In this tutorial, we'll take a look at the Pandas error:

ValueError: DataFrame constructor not properly called!

First, we'll create examples of how to produce it.

Next, we'll explain the reason and finally, we'll see how to fix it.

ValueError: DataFrame constructor not properly called

Let's try to create DataFrame by:

import pandas as pd
df = pd.DataFrame(0)
df = pd.DataFrame('a')

All of them result into error:

ValueError: DataFrame constructor not properly called!

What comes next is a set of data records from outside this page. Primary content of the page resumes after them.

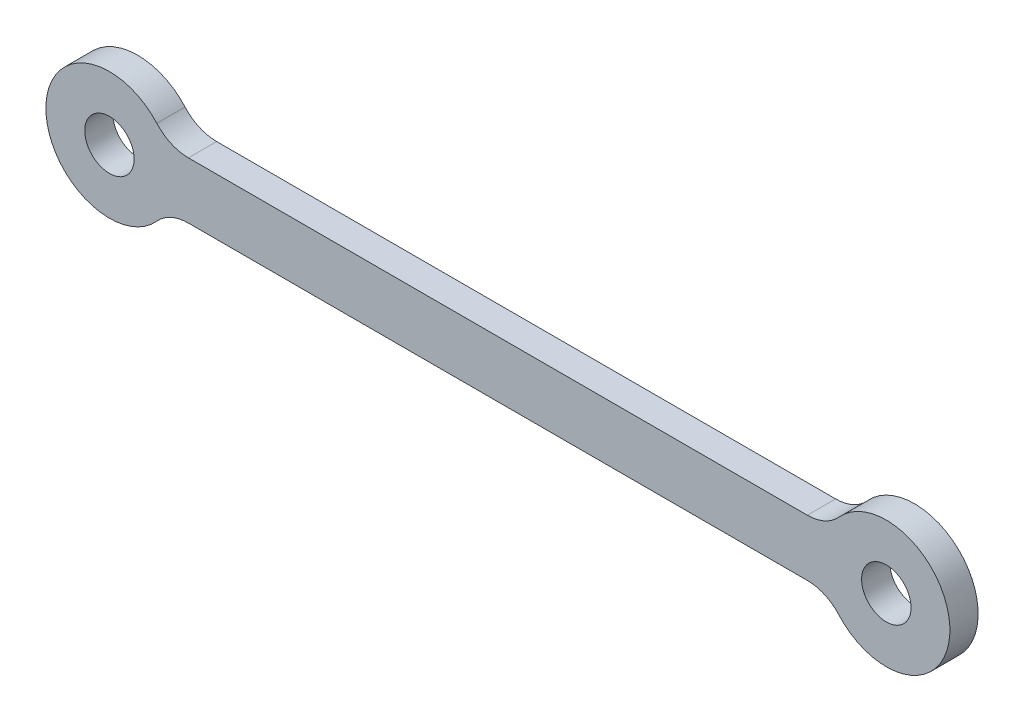
ISO-10303-21;
HEADER;
FILE_DESCRIPTION(('STEP AP214'),'2;1');
FILE_NAME('part.step','',(''),(''),'','','');
FILE_SCHEMA(('AUTOMOTIVE_DESIGN { 1 0 10303 214 1 1 1 1 }'));
ENDSEC;
DATA;
#1=APPLICATION_CONTEXT('core data for automotive mechanical design processes');
#2=APPLICATION_PROTOCOL_DEFINITION('international standard','automotive_design',2000,#1);
#3=PRODUCT_CONTEXT('',#1,'mechanical');
#4=PRODUCT('Part','Part','',(#3));
#5=PRODUCT_RELATED_PRODUCT_CATEGORY('part','',(#4));
#6=PRODUCT_DEFINITION_FORMATION('','',#4);
#7=PRODUCT_DEFINITION_CONTEXT('part definition',#1,'design');
#8=PRODUCT_DEFINITION('design','',#6,#7);
#9=PRODUCT_DEFINITION_SHAPE('','',#8);
#10=(LENGTH_UNIT() NAMED_UNIT(*) SI_UNIT(.MILLI.,.METRE.));
#11=(NAMED_UNIT(*) PLANE_ANGLE_UNIT() SI_UNIT($,.RADIAN.));
#12=(NAMED_UNIT(*) SI_UNIT($,.STERADIAN.) SOLID_ANGLE_UNIT());
#13=UNCERTAINTY_MEASURE_WITH_UNIT(LENGTH_MEASURE(1.E-05),#10,'distance_accuracy_value','');
#14=(GEOMETRIC_REPRESENTATION_CONTEXT(3) GLOBAL_UNCERTAINTY_ASSIGNED_CONTEXT((#13)) GLOBAL_UNIT_ASSIGNED_CONTEXT((#10,
#11,#12)) REPRESENTATION_CONTEXT('',''));
#15=CARTESIAN_POINT('',(0.,0.,0.));
#16=DIRECTION('',(0.,0.,1.));
#17=DIRECTION('',(1.,0.,0.));
#18=AXIS2_PLACEMENT_3D('',#15,#16,#17);
#19=CARTESIAN_POINT('',(49.4098300562505,-5.,2.));
#20=DIRECTION('',(0.,0.,1.));
#21=DIRECTION('',(1.,0.,0.));
#22=AXIS2_PLACEMENT_3D('',#19,#20,#21);
#23=PLANE('',#22);
#24=CARTESIAN_POINT('',(0.,0.,2.));
#25=DIRECTION('',(0.,0.,1.));
#26=DIRECTION('',(1.,0.,0.));
#27=AXIS2_PLACEMENT_3D('',#24,#25,#26);
#28=CIRCLE('',#27,1.75);
#29=CARTESIAN_POINT('',(1.75,0.,2.));
#30=VERTEX_POINT('',#29);
#31=EDGE_CURVE('E138',#30,#30,#28,.T.);
#32=ORIENTED_EDGE('',*,*,#31,.F.);
#33=EDGE_LOOP('',(#32));
#34=FACE_BOUND('',#33,.T.);
#35=CARTESIAN_POINT('',(49.4098300562505,-5.,2.));
#36=DIRECTION('',(0.,0.,-1.));
#37=DIRECTION('',(1.,0.,0.));
#38=AXIS2_PLACEMENT_3D('',#35,#36,#37);
#39=CIRCLE('',#38,3.);
#40=CARTESIAN_POINT('',(49.4098300562505,-2.,2.));
#41=VERTEX_POINT('',#40);
#42=CARTESIAN_POINT('',(51.6458980337503,-3.,2.));
#43=VERTEX_POINT('',#42);
#44=EDGE_CURVE('E149',#41,#43,#39,.T.);
#45=ORIENTED_EDGE('',*,*,#44,.T.);
#46=CARTESIAN_POINT('',(55.,0.,2.));
#47=DIRECTION('',(0.,0.,1.));
#48=DIRECTION('',(1.,0.,0.));
#49=AXIS2_PLACEMENT_3D('',#46,#47,#48);
#50=CIRCLE('',#49,4.5);
#51=CARTESIAN_POINT('',(51.6458980337503,3.,2.));
#52=VERTEX_POINT('',#51);
#53=EDGE_CURVE('E97',#43,#52,#50,.T.);
#54=ORIENTED_EDGE('',*,*,#53,.T.);
#55=CARTESIAN_POINT('',(49.4098300562505,5.,2.));
#56=DIRECTION('',(0.,0.,-1.));
#57=DIRECTION('',(1.,0.,0.));
#58=AXIS2_PLACEMENT_3D('',#55,#56,#57);
#59=CIRCLE('',#58,3.);
#60=CARTESIAN_POINT('',(49.4098300562505,2.,2.));
#61=VERTEX_POINT('',#60);
#62=EDGE_CURVE('E164',#52,#61,#59,.T.);
#63=ORIENTED_EDGE('',*,*,#62,.T.);
#64=DIRECTION('',(-1.,0.,0.));
#65=VECTOR('',#64,1.);
#66=CARTESIAN_POINT('',(5.5901699437495,1.99999999999998,2.));
#67=LINE('',#66,#65);
#68=CARTESIAN_POINT('',(5.5901699437495,1.99999999999998,2.));
#69=VERTEX_POINT('',#68);
#70=EDGE_CURVE('E177',#61,#69,#67,.T.);
#71=ORIENTED_EDGE('',*,*,#70,.T.);
#72=CARTESIAN_POINT('',(5.5901699437495,4.99999999999998,2.));
#73=DIRECTION('',(0.,0.,-1.));
#74=DIRECTION('',(-1.,0.,0.));
#75=AXIS2_PLACEMENT_3D('',#72,#73,#74);
#76=CIRCLE('',#75,3.);
#77=CARTESIAN_POINT('',(3.3541019662497,2.99999999999999,2.));
#78=VERTEX_POINT('',#77);
#79=EDGE_CURVE('E116',#69,#78,#76,.T.);
#80=ORIENTED_EDGE('',*,*,#79,.T.);
#81=CARTESIAN_POINT('',(0.,0.,2.));
#82=DIRECTION('',(0.,0.,1.));
#83=DIRECTION('',(1.,0.,0.));
#84=AXIS2_PLACEMENT_3D('',#81,#82,#83);
#85=CIRCLE('',#84,4.5);
#86=CARTESIAN_POINT('',(3.35410196624966,-3.00000000000002,2.));
#87=VERTEX_POINT('',#86);
#88=EDGE_CURVE('E110',#78,#87,#85,.T.);
#89=ORIENTED_EDGE('',*,*,#88,.T.);
#90=CARTESIAN_POINT('',(5.59016994374945,-5.00000000000003,2.));
#91=DIRECTION('',(0.,0.,-1.));
#92=DIRECTION('',(1.,0.,0.));
#93=AXIS2_PLACEMENT_3D('',#90,#91,#92);
#94=CIRCLE('',#93,3.);
#95=CARTESIAN_POINT('',(5.59016994374945,-2.00000000000002,2.));
#96=VERTEX_POINT('',#95);
#97=EDGE_CURVE('E114',#87,#96,#94,.T.);
#98=ORIENTED_EDGE('',*,*,#97,.T.);
#99=DIRECTION('',(1.,0.,0.));
#100=VECTOR('',#99,1.);
#101=CARTESIAN_POINT('',(49.4098300562505,-2.,2.));
#102=LINE('',#101,#100);
#103=EDGE_CURVE('E54',#96,#41,#102,.T.);
#104=ORIENTED_EDGE('',*,*,#103,.T.);
#105=EDGE_LOOP('',(#45,#54,#63,#71,#80,#89,#98,#104));
#106=FACE_BOUND('',#105,.T.);
#107=CARTESIAN_POINT('',(55.,0.,2.));
#108=DIRECTION('',(0.,0.,1.));
#109=DIRECTION('',(1.,0.,0.));
#110=AXIS2_PLACEMENT_3D('',#107,#108,#109);
#111=CIRCLE('',#110,1.75);
#112=CARTESIAN_POINT('',(56.75,0.,2.));
#113=VERTEX_POINT('',#112);
#114=EDGE_CURVE('E186',#113,#113,#111,.T.);
#115=ORIENTED_EDGE('',*,*,#114,.F.);
#116=EDGE_LOOP('',(#115));
#117=FACE_BOUND('',#116,.T.);
#118=ADVANCED_FACE('F37',(#34,#106,#117),#23,.T.);
#119=CARTESIAN_POINT('',(49.4098300562505,-5.,0.));
#120=DIRECTION('',(0.,0.,1.));
#121=DIRECTION('',(1.,0.,0.));
#122=AXIS2_PLACEMENT_3D('',#119,#120,#121);
#123=PLANE('',#122);
#124=CARTESIAN_POINT('',(49.4098300562505,-5.,0.));
#125=DIRECTION('',(0.,0.,-1.));
#126=DIRECTION('',(1.,0.,0.));
#127=AXIS2_PLACEMENT_3D('',#124,#125,#126);
#128=CIRCLE('',#127,3.);
#129=CARTESIAN_POINT('',(49.4098300562505,-2.,0.));
#130=VERTEX_POINT('',#129);
#131=CARTESIAN_POINT('',(51.6458980337503,-3.,0.));
#132=VERTEX_POINT('',#131);
#133=EDGE_CURVE('E134',#130,#132,#128,.T.);
#134=ORIENTED_EDGE('',*,*,#133,.F.);
#135=DIRECTION('',(1.,0.,0.));
#136=VECTOR('',#135,1.);
#137=CARTESIAN_POINT('',(49.4098300562505,-2.,0.));
#138=LINE('',#137,#136);
#139=CARTESIAN_POINT('',(5.59016994374945,-2.00000000000002,0.));
#140=VERTEX_POINT('',#139);
#141=EDGE_CURVE('E89',#140,#130,#138,.T.);
#142=ORIENTED_EDGE('',*,*,#141,.F.);
#143=CARTESIAN_POINT('',(5.59016994374945,-5.00000000000003,0.));
#144=DIRECTION('',(0.,0.,-1.));
#145=DIRECTION('',(1.,0.,0.));
#146=AXIS2_PLACEMENT_3D('',#143,#144,#145);
#147=CIRCLE('',#146,3.);
#148=CARTESIAN_POINT('',(3.35410196624966,-3.00000000000002,0.));
#149=VERTEX_POINT('',#148);
#150=EDGE_CURVE('E83',#149,#140,#147,.T.);
#151=ORIENTED_EDGE('',*,*,#150,.F.);
#152=CARTESIAN_POINT('',(0.,0.,0.));
#153=DIRECTION('',(0.,0.,1.));
#154=DIRECTION('',(1.,0.,0.));
#155=AXIS2_PLACEMENT_3D('',#152,#153,#154);
#156=CIRCLE('',#155,4.5);
#157=CARTESIAN_POINT('',(3.3541019662497,2.99999999999999,0.));
#158=VERTEX_POINT('',#157);
#159=EDGE_CURVE('E124',#158,#149,#156,.T.);
#160=ORIENTED_EDGE('',*,*,#159,.F.);
#161=CARTESIAN_POINT('',(5.5901699437495,4.99999999999998,0.));
#162=DIRECTION('',(0.,0.,-1.));
#163=DIRECTION('',(-1.,0.,0.));
#164=AXIS2_PLACEMENT_3D('',#161,#162,#163);
#165=CIRCLE('',#164,3.);
#166=CARTESIAN_POINT('',(5.5901699437495,1.99999999999998,0.));
#167=VERTEX_POINT('',#166);
#168=EDGE_CURVE('E144',#167,#158,#165,.T.);
#169=ORIENTED_EDGE('',*,*,#168,.F.);
#170=DIRECTION('',(-1.,0.,0.));
#171=VECTOR('',#170,1.);
#172=CARTESIAN_POINT('',(5.5901699437495,1.99999999999998,0.));
#173=LINE('',#172,#171);
#174=CARTESIAN_POINT('',(49.4098300562505,2.,0.));
#175=VERTEX_POINT('',#174);
#176=EDGE_CURVE('E142',#175,#167,#173,.T.);
#177=ORIENTED_EDGE('',*,*,#176,.F.);
#178=CARTESIAN_POINT('',(49.4098300562505,5.,0.));
#179=DIRECTION('',(0.,0.,-1.));
#180=DIRECTION('',(1.,0.,0.));
#181=AXIS2_PLACEMENT_3D('',#178,#179,#180);
#182=CIRCLE('',#181,3.);
#183=CARTESIAN_POINT('',(51.6458980337503,3.,0.));
#184=VERTEX_POINT('',#183);
#185=EDGE_CURVE('E140',#184,#175,#182,.T.);
#186=ORIENTED_EDGE('',*,*,#185,.F.);
#187=CARTESIAN_POINT('',(55.,0.,0.));
#188=DIRECTION('',(0.,0.,1.));
#189=DIRECTION('',(1.,0.,0.));
#190=AXIS2_PLACEMENT_3D('',#187,#188,#189);
#191=CIRCLE('',#190,4.5);
#192=EDGE_CURVE('E137',#132,#184,#191,.T.);
#193=ORIENTED_EDGE('',*,*,#192,.F.);
#194=EDGE_LOOP('',(#134,#142,#151,#160,#169,#177,#186,#193));
#195=FACE_BOUND('',#194,.T.);
#196=CARTESIAN_POINT('',(0.,0.,0.));
#197=DIRECTION('',(0.,0.,1.));
#198=DIRECTION('',(1.,0.,0.));
#199=AXIS2_PLACEMENT_3D('',#196,#197,#198);
#200=CIRCLE('',#199,1.75);
#201=CARTESIAN_POINT('',(1.75,0.,0.));
#202=VERTEX_POINT('',#201);
#203=EDGE_CURVE('E183',#202,#202,#200,.T.);
#204=ORIENTED_EDGE('',*,*,#203,.T.);
#205=EDGE_LOOP('',(#204));
#206=FACE_BOUND('',#205,.T.);
#207=CARTESIAN_POINT('',(55.,0.,0.));
#208=DIRECTION('',(0.,0.,1.));
#209=DIRECTION('',(1.,0.,0.));
#210=AXIS2_PLACEMENT_3D('',#207,#208,#209);
#211=CIRCLE('',#210,1.75);
#212=CARTESIAN_POINT('',(56.75,0.,0.));
#213=VERTEX_POINT('',#212);
#214=EDGE_CURVE('E189',#213,#213,#211,.T.);
#215=ORIENTED_EDGE('',*,*,#214,.T.);
#216=EDGE_LOOP('',(#215));
#217=FACE_BOUND('',#216,.T.);
#218=ADVANCED_FACE('F168',(#195,#206,#217),#123,.F.);
#219=CARTESIAN_POINT('',(49.4098300562505,-5.,2.));
#220=DIRECTION('',(0.,0.,-1.));
#221=DIRECTION('',(-1.,0.,0.));
#222=AXIS2_PLACEMENT_3D('',#219,#220,#221);
#223=CYLINDRICAL_SURFACE('',#222,3.);
#224=ORIENTED_EDGE('',*,*,#133,.T.);
#225=DIRECTION('',(0.,0.,-1.));
#226=VECTOR('',#225,1.);
#227=CARTESIAN_POINT('',(51.6458980337503,-3.,2.));
#228=LINE('',#227,#226);
#229=EDGE_CURVE('E11',#43,#132,#228,.T.);
#230=ORIENTED_EDGE('',*,*,#229,.F.);
#231=ORIENTED_EDGE('',*,*,#44,.F.);
#232=DIRECTION('',(0.,0.,-1.));
#233=VECTOR('',#232,1.);
#234=CARTESIAN_POINT('',(49.4098300562505,-2.,2.));
#235=LINE('',#234,#233);
#236=EDGE_CURVE('E130',#41,#130,#235,.T.);
#237=ORIENTED_EDGE('',*,*,#236,.T.);
#238=EDGE_LOOP('',(#224,#230,#231,#237));
#239=FACE_BOUND('',#238,.T.);
#240=ADVANCED_FACE('F39',(#239),#223,.F.);
#241=CARTESIAN_POINT('',(55.,0.,2.));
#242=DIRECTION('',(0.,0.,-1.));
#243=DIRECTION('',(-1.,0.,0.));
#244=AXIS2_PLACEMENT_3D('',#241,#242,#243);
#245=CYLINDRICAL_SURFACE('',#244,4.5);
#246=ORIENTED_EDGE('',*,*,#192,.T.);
#247=DIRECTION('',(0.,0.,-1.));
#248=VECTOR('',#247,1.);
#249=CARTESIAN_POINT('',(51.6458980337503,3.,2.));
#250=LINE('',#249,#248);
#251=EDGE_CURVE('E46',#52,#184,#250,.T.);
#252=ORIENTED_EDGE('',*,*,#251,.F.);
#253=ORIENTED_EDGE('',*,*,#53,.F.);
#254=ORIENTED_EDGE('',*,*,#229,.T.);
#255=EDGE_LOOP('',(#246,#252,#253,#254));
#256=FACE_BOUND('',#255,.T.);
#257=ADVANCED_FACE('F221',(#256),#245,.T.);
#258=CARTESIAN_POINT('',(49.4098300562505,5.,2.));
#259=DIRECTION('',(0.,0.,-1.));
#260=DIRECTION('',(-1.,0.,0.));
#261=AXIS2_PLACEMENT_3D('',#258,#259,#260);
#262=CYLINDRICAL_SURFACE('',#261,3.);
#263=ORIENTED_EDGE('',*,*,#185,.T.);
#264=DIRECTION('',(0.,0.,-1.));
#265=VECTOR('',#264,1.);
#266=CARTESIAN_POINT('',(49.4098300562505,2.,2.));
#267=LINE('',#266,#265);
#268=EDGE_CURVE('E156',#61,#175,#267,.T.);
#269=ORIENTED_EDGE('',*,*,#268,.F.);
#270=ORIENTED_EDGE('',*,*,#62,.F.);
#271=ORIENTED_EDGE('',*,*,#251,.T.);
#272=EDGE_LOOP('',(#263,#269,#270,#271));
#273=FACE_BOUND('',#272,.T.);
#274=ADVANCED_FACE('F162',(#273),#262,.F.);
#275=CARTESIAN_POINT('',(5.5901699437495,1.99999999999998,2.));
#276=DIRECTION('',(0.,-1.,0.));
#277=DIRECTION('',(1.,0.,0.));
#278=AXIS2_PLACEMENT_3D('',#275,#276,#277);
#279=PLANE('',#278);
#280=ORIENTED_EDGE('',*,*,#176,.T.);
#281=DIRECTION('',(0.,0.,-1.));
#282=VECTOR('',#281,1.);
#283=CARTESIAN_POINT('',(5.5901699437495,1.99999999999998,2.));
#284=LINE('',#283,#282);
#285=EDGE_CURVE('E153',#69,#167,#284,.T.);
#286=ORIENTED_EDGE('',*,*,#285,.F.);
#287=ORIENTED_EDGE('',*,*,#70,.F.);
#288=ORIENTED_EDGE('',*,*,#268,.T.);
#289=EDGE_LOOP('',(#280,#286,#287,#288));
#290=FACE_BOUND('',#289,.T.);
#291=ADVANCED_FACE('F173',(#290),#279,.F.);
#292=CARTESIAN_POINT('',(5.5901699437495,4.99999999999998,2.));
#293=DIRECTION('',(0.,0.,-1.));
#294=DIRECTION('',(-1.,0.,0.));
#295=AXIS2_PLACEMENT_3D('',#292,#293,#294);
#296=CYLINDRICAL_SURFACE('',#295,3.);
#297=ORIENTED_EDGE('',*,*,#168,.T.);
#298=DIRECTION('',(0.,0.,-1.));
#299=VECTOR('',#298,1.);
#300=CARTESIAN_POINT('',(3.3541019662497,2.99999999999999,2.));
#301=LINE('',#300,#299);
#302=EDGE_CURVE('E125',#78,#158,#301,.T.);
#303=ORIENTED_EDGE('',*,*,#302,.F.);
#304=ORIENTED_EDGE('',*,*,#79,.F.);
#305=ORIENTED_EDGE('',*,*,#285,.T.);
#306=EDGE_LOOP('',(#297,#303,#304,#305));
#307=FACE_BOUND('',#306,.T.);
#308=ADVANCED_FACE('F176',(#307),#296,.F.);
#309=CARTESIAN_POINT('',(0.,0.,2.));
#310=DIRECTION('',(0.,0.,-1.));
#311=DIRECTION('',(-1.,0.,0.));
#312=AXIS2_PLACEMENT_3D('',#309,#310,#311);
#313=CYLINDRICAL_SURFACE('',#312,4.5);
#314=ORIENTED_EDGE('',*,*,#159,.T.);
#315=DIRECTION('',(0.,0.,-1.));
#316=VECTOR('',#315,1.);
#317=CARTESIAN_POINT('',(3.35410196624966,-3.00000000000002,2.));
#318=LINE('',#317,#316);
#319=EDGE_CURVE('E121',#87,#149,#318,.T.);
#320=ORIENTED_EDGE('',*,*,#319,.F.);
#321=ORIENTED_EDGE('',*,*,#88,.F.);
#322=ORIENTED_EDGE('',*,*,#302,.T.);
#323=EDGE_LOOP('',(#314,#320,#321,#322));
#324=FACE_BOUND('',#323,.T.);
#325=ADVANCED_FACE('F122',(#324),#313,.T.);
#326=CARTESIAN_POINT('',(5.59016994374945,-5.00000000000003,2.));
#327=DIRECTION('',(0.,0.,-1.));
#328=DIRECTION('',(-1.,0.,0.));
#329=AXIS2_PLACEMENT_3D('',#326,#327,#328);
#330=CYLINDRICAL_SURFACE('',#329,3.);
#331=ORIENTED_EDGE('',*,*,#150,.T.);
#332=DIRECTION('',(0.,0.,-1.));
#333=VECTOR('',#332,1.);
#334=CARTESIAN_POINT('',(5.59016994374945,-2.00000000000002,2.));
#335=LINE('',#334,#333);
#336=EDGE_CURVE('E126',#96,#140,#335,.T.);
#337=ORIENTED_EDGE('',*,*,#336,.F.);
#338=ORIENTED_EDGE('',*,*,#97,.F.);
#339=ORIENTED_EDGE('',*,*,#319,.T.);
#340=EDGE_LOOP('',(#331,#337,#338,#339));
#341=FACE_BOUND('',#340,.T.);
#342=ADVANCED_FACE('F128',(#341),#330,.F.);
#343=CARTESIAN_POINT('',(49.4098300562505,-2.,2.));
#344=DIRECTION('',(0.,1.,0.));
#345=DIRECTION('',(-1.,0.,0.));
#346=AXIS2_PLACEMENT_3D('',#343,#344,#345);
#347=PLANE('',#346);
#348=ORIENTED_EDGE('',*,*,#141,.T.);
#349=ORIENTED_EDGE('',*,*,#236,.F.);
#350=ORIENTED_EDGE('',*,*,#103,.F.);
#351=ORIENTED_EDGE('',*,*,#336,.T.);
#352=EDGE_LOOP('',(#348,#349,#350,#351));
#353=FACE_BOUND('',#352,.T.);
#354=ADVANCED_FACE('F209',(#353),#347,.F.);
#355=CARTESIAN_POINT('',(0.,0.,2.));
#356=DIRECTION('',(0.,0.,-1.));
#357=DIRECTION('',(-1.,0.,0.));
#358=AXIS2_PLACEMENT_3D('',#355,#356,#357);
#359=CYLINDRICAL_SURFACE('',#358,1.75);
#360=ORIENTED_EDGE('',*,*,#31,.T.);
#361=EDGE_LOOP('',(#360));
#362=FACE_BOUND('',#361,.T.);
#363=ORIENTED_EDGE('',*,*,#203,.F.);
#364=EDGE_LOOP('',(#363));
#365=FACE_BOUND('',#364,.T.);
#366=ADVANCED_FACE('F206',(#362,#365),#359,.F.);
#367=CARTESIAN_POINT('',(55.,0.,2.));
#368=DIRECTION('',(0.,0.,-1.));
#369=DIRECTION('',(-1.,0.,0.));
#370=AXIS2_PLACEMENT_3D('',#367,#368,#369);
#371=CYLINDRICAL_SURFACE('',#370,1.75);
#372=ORIENTED_EDGE('',*,*,#114,.T.);
#373=EDGE_LOOP('',(#372));
#374=FACE_BOUND('',#373,.T.);
#375=ORIENTED_EDGE('',*,*,#214,.F.);
#376=EDGE_LOOP('',(#375));
#377=FACE_BOUND('',#376,.T.);
#378=ADVANCED_FACE('F195',(#374,#377),#371,.F.);
#379=CLOSED_SHELL('',(#118,#218,#240,#257,#274,#291,#308,#325,#342,#354,#366,#378));
#380=MANIFOLD_SOLID_BREP('B2',#379);
#381=ADVANCED_BREP_SHAPE_REPRESENTATION('',(#18,#380),#14);
#382=SHAPE_DEFINITION_REPRESENTATION(#9,#381);
ENDSEC;
END-ISO-10303-21;

The same will happen if we try to create DataFrame from directly:

class k:
      pass

a = k()
pd.DataFrame(a)

Reason

There are multiple reasons to get error like:

ValueError: DataFrame constructor not properly called!

Pass single value

One reason is trying to pass single value and no index:

df = pd.DataFrame('a')

this results in:

ValueError: DataFrame constructor not properly called!

Object to DataFrame

Sometimes we need to convert object as follows:

class k:
    def __init__(self, name, ):
        self.name = name
        self.num = 0

a = k('test')
pd.DataFrame(a)

This is not possible and result in:

ValueError: DataFrame constructor not properly called!

Solution - single value

To solve error - ValueError: DataFrame constructor not properly called - when we pass a single value we need to use a list - add square brackets around the value. This will convert the input vector value:

import pandas as pd
df = pd.DataFrame(['a'])

The result is successfully created DataFrame:

0
0 a

Solution - object to DataFrame

To convert object to DataFrame we can follow next steps:

class k:
    def __init__(self, name, ):
        self.name = name
        self.num = 0

a = k('test')

To convert object "a" to DataFrame first convert it to JSON data by:

import json

print(json.dumps(a.__dict__))

the result is:

'{"name": "test", "num": 0}'

Next we convert the JSON string to dict:

json.loads(data)

result:

{'name': 'test', 'num': 0}

And finally we create DataFrame by:

pd.DataFrame.from_dict(json.loads(data), orient='index').T

the object is converted to Pandas DataFrame:

name num
0 test 0

Conclusion

In this article, we discussed error: ValueError: DataFrame constructor not properly called! reasons and possible solutions.